Light Sources??

Well, i’m sure this is a very basic question, but I’m new to the whole blender thing. So I hope this question isn’t too stupid.

I’m trying to make a model of the solar system, and want to have my main light source as the sun… I read through the manual - albiet I don’t understand it 100% yet - and found something on using the flare option. There’s even a really cool pic of the earth with what looks like a flare from the sun at the earth’s horizon. But when i try to set flare to a sphere I’ve placed in the same location as my lamp head, it seems to put a flare on all vertices. Is there a better way to make light sources in Blender?

Hi and welcome to the community. In blender, flare is always applied to every single vertex. There are basically two ways to get a ‘glowing sun’,

  1. delete all vertices except for one and set the halo/flare size to a really large number. This method renders fast and looks ok from a distance.

or

  1. subdivide the sun even further (thus adding vertices to it) and apply halo/flare as usual to the sun. Play around with the size and alpha(transparency) setting.
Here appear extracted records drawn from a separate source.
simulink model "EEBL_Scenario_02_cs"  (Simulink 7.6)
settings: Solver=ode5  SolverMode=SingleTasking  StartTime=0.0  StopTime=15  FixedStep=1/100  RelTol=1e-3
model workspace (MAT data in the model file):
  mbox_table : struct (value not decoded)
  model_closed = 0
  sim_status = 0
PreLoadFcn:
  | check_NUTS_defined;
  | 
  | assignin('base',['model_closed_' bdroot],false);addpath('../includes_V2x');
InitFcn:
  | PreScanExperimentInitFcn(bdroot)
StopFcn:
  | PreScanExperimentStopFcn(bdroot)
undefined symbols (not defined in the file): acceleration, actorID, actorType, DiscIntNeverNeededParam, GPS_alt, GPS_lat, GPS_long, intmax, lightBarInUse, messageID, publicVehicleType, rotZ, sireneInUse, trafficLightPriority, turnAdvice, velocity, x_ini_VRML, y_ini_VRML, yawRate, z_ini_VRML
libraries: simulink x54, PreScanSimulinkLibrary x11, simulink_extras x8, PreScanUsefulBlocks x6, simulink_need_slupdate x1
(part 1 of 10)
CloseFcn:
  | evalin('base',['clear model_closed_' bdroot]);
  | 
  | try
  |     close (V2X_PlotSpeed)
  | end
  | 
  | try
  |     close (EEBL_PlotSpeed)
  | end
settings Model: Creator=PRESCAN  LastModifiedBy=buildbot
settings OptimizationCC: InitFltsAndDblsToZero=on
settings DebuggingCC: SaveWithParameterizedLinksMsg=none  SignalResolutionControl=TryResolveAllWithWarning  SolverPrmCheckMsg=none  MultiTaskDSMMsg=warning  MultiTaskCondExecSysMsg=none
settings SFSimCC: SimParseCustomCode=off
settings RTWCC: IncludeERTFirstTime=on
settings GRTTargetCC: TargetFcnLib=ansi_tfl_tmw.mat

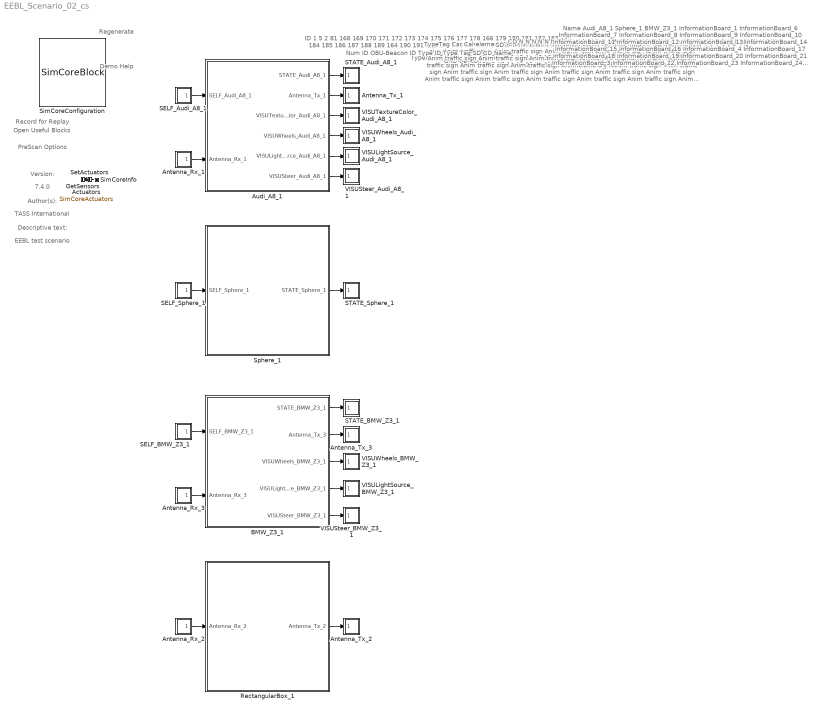
== system EEBL_Scenario_02_cs ==
  note: Demo Help
  note: Regenerate
  note: Record for Replay
  note: Open Useful Blocks
  note: PreScan Options
  note: Version:
  note: 7.4.0
  note: Author(s):
  note: TASS International
  note: Descriptive text:
  note: EEBL test scenario
  note: ID
      |
      | 1
      | 5
      | 2
      | 81
      | 168
      | 169
      | 170
      | 171
      | 172
      | 173
      | 174
      | 175
      | 176
      | 177
      | 178
      | 166
      | 179
      | 180
      | 181
      | 182
      | 183
      | 165
      | 184
      | 185
      | 186
      | 187
      | 188
      | 189
      | 164
      | 190
      | 191
      | 192
      | 193
      | 194
      | 167
      | 195
      | 196
      | 197
      | 198
      | 199
      | 200
      | 201
      | 163
  note: OBU-Beacon ID
  note: TypeID
      |
      | 1
      | 5
      | 1
      | 15
      | 15
      | 15
      | 15
      | 15
      | 15
      | 15
      | 15
      | 15
      | 15
      | 15
      | 15
      | 15
      | 15
      | 15
      | 15
      | 15
      | 15
      | 15
      | 15
      | 15
      | 15
      | 15
      | 15
      | 15
      | 15
      | 15
      | 15
      | 15
      | 15
      | 15
      | 15
      | 15
      | 15
      | 15
      | 15
      | 15
      | 15
      | 15
      | 16
  note: TypeTag
      |
      | Car
      | Cal element
      | Car
      | Anim traffic sign
      | Anim traffic sign
      | Anim traffic sign
      | Anim traffic sign
      | Anim traffic sign
      | Anim traffic sign
      | Anim traffic sign
      | Anim traffic sign
      | Anim traffic sign
      | Anim traffic sign
      | Anim traffic sign
      | Anim traffic sign
      | Anim traffic sign
      | Anim traffic sign
      | Anim traffic sign
      | Anim traffic sign
      | Anim traffic sign
      | Anim traffic sign
      | Anim traffic sign
      | Anim traffic sign
      | Anim traffic sign
      | Anim traffic sign
      | Anim traffic sign
      | Anim traffic sign
      | Anim traffic sign
      | Anim traffic sign
      | Anim traffic sign
      | Anim traffic sign
      | Anim traffic sign
      | Anim traffic sign
      | Anim traffic sign
      | Anim traffic sign
      | Anim traffic sign
      | Anim traffic sign
      | Anim traffic sign
      | Anim traffic sign
      | Anim traffic sign
      | Anim traffic sign
      | Anim traffic sign
      | Abstract object
  note: SD
      |
      | Y
      | Y
      | Y
      | Y
      | Y
      | Y
      | Y
      | Y
      | Y
      | Y
      | Y
      | Y
      | Y
      | Y
      | Y
      | Y
      | Y
      | Y
      | Y
      | Y
      | Y
      | Y
      | Y
      | Y
      | Y
      | Y
      | Y
      | Y
      | Y
      | Y
      | Y
      | Y
      | Y
      | Y
      | Y
      | Y
      | Y
      | Y
      | Y
      | Y
      | Y
      | Y
      | N
  note: CD
      |
      | N
      | N
      | N
      | N
      | N
      | N
      | N
      | N
      | N
      | N
      | N
      | N
      | N
      | N
      | N
      | N
      | N
      | N
      | N
      | N
      | N
      | N
      | N
      | N
      | N
      | N
      | N
      | N
      | N
      | N
      | N
      | N
      | N
      | N
      | N
      | N
      | N
      | N
      | N
      | N
      | N
      | N
      | N
  note: Name
      |
      | Audi_A8_1
      | Sphere_1
      | BMW_Z3_1
      | InformationBoard_1
      | InformationBoard_6
      | InformationBoard_7
      | InformationBoard_8
      | InformationBoard_9
      | InformationBoard_10
      | InformationBoard_11
      | InformationBoard_12
      | InformationBoard_13
      | InformationBoard_14
      | InformationBoard_15
      | InformationBoard_16
      | InformationBoard_4
      | InformationBoard_17
      | InformationBoard_18
      | InformationBoard_19
      | InformationBoard_20
      | InformationBoard_21
      | InformationBoard_3
      | InformationBoard_22
      | InformationBoard_23
      | InformationBoard_24
      | InformationBoard_25
      | InformationBoard_26
      | InformationBoard_27
      | InformationBoard_2
      | InformationBoard_28
      | InformationBoard_29
      | InformationBoard_30
      | InformationBoard_31
      | InformationBoard_32
      | InformationBoard_5
      | InformationBoard_33
      | InformationBoard_34
      | InformationBoard_35
      | InformationBoard_36
      | InformationBoard_37
      | InformationBoard_38
      | InformationBoard_39
      | RectangularBox_1
  note: Num ID OBU-Beacon ID Type ID Type Tag SD CD Name
  Actuators : DataStoreMemory  Tag=Actuators  DataStoreName=SimCoreActuators  InitialValue=zeros(1167,1)
      settings: DeleteFcn=PreScanBlockDeleteFcn;
  Antenna_Rx_1 : Subsystem  Tag=AntennaR  Priority=3  mask(PreScan Source Block: Antenna Receiver){Channel=1, NrEntitiesOut=2, PortName=Antenna_Rx_1, PortIndex=8, PortWidth=456, TimeStep=1/100}
      mask prompts: Channel "User Specified: Channel# [-]"; NrEntitiesOut "User Specified: # of Visible Actors"; PortName "Auto Assigned: Port Name [-]"; PortIndex "Auto Assigned: Index [-]"; PortWidth "Auto Assigned: Port Dimensions [-]"; TimeStep "Auto Assigned: Upload Period [s]"
      mask help:
      | Using the Antenna Receiver (RX) and Transmitter (TX) information between actors can be exchanged. This is done over a channel number to be specified by the user.
      |
      | The Antenna Reciever receives actor information and user-definable signals.
      |
      | For more information, please click Help.
      settings: DeleteFcn=PreScanBlockDeleteFcn;
      mask Help: eval('openHelp(424)')
      mask Display: image(imread('Rx.png'))
  Antenna_Rx_2 : Subsystem  Tag=AntennaR  Priority=3  mask(PreScan Source Block: Antenna Receiver){Channel=1, NrEntitiesOut=2, PortName=Antenna_Rx_2, PortIndex=936, PortWidth=456, TimeStep=1/100}
      mask prompts: Channel "User Specified: Channel# [-]"; NrEntitiesOut "User Specified: # of Visible Actors"; PortName "Auto Assigned: Port Name [-]"; PortIndex "Auto Assigned: Index [-]"; PortWidth "Auto Assigned: Port Dimensions [-]"; TimeStep "Auto Assigned: Upload Period [s]"
      mask help:
      | Using the Antenna Receiver (RX) and Transmitter (TX) information between actors can be exchanged. This is done over a channel number to be specified by the user.
      |
      | The Antenna Reciever receives actor information and user-definable signals.
      |
      | For more information, please click Help.
      settings: DeleteFcn=PreScanBlockDeleteFcn;
      mask Help: eval('openHelp(424)')
      mask Display: image(imread('Rx.png'))
  Antenna_Rx_3 : Subsystem  Tag=AntennaR  Priority=3  mask(PreScan Source Block: Antenna Receiver){Channel=1, NrEntitiesOut=2, PortName=Antenna_Rx_3, PortIndex=480, PortWidth=456, TimeStep=1/100}
      mask prompts: Channel "User Specified: Channel# [-]"; NrEntitiesOut "User Specified: # of Visible Actors"; PortName "Auto Assigned: Port Name [-]"; PortIndex "Auto Assigned: Index [-]"; PortWidth "Auto Assigned: Port Dimensions [-]"; TimeStep "Auto Assigned: Upload Period [s]"
      mask help:
      | Using the Antenna Receiver (RX) and Transmitter (TX) information between actors can be exchanged. This is done over a channel number to be specified by the user.
      |
      | The Antenna Reciever receives actor information and user-definable signals.
      |
      | For more information, please click Help.
      settings: DeleteFcn=PreScanBlockDeleteFcn;
      mask Help: eval('openHelp(424)')
      mask Display: image(imread('Rx.png'))
  Antenna_Tx_1 : Subsystem  Tag=AntennaT  Priority=0  mask(PreScan Sink Block: AntennaT){Channel=1, PortName=Antenna_Tx_1, PortIndex=15, PortWidth=205, TimeStep=1/100}
      mask prompts: Channel "User Specified: Channel# [-]"; PortName "Auto Assigned: Port Name [-]"; PortIndex "Auto Assigned: Index [-]"; PortWidth "Auto Assigned: Port Dimensions [-]"; TimeStep "Auto Assigned: Upload Period [s]"
      mask help:
      | Using the Antenna Receiver (RX) and Transmitter (TX) information between actors can be exchanged. This is done over a channel number to be specified by the user.
      |
      | The Antenna Transmitter contains the following, user-definable signals:
      |
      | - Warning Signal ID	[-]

One thing to note is that flare/halo isn’t a real light, they glow but don’t cast lights into the surroundings, if you want the sun to light up the planets around it, you’ll need a real ‘lamp’ object.

Hope that helps.

Hey, thanks for the advice… I’m trying the second option now, but for some reason, no matter how i scale the sphere i made, I end up with a huge white ball, and not a whole lot of glow. But I’m playing with it so hopefully I’ll figure it out.

from what you said, you might want to reduce the size of the halo and increase the intensity of the flare.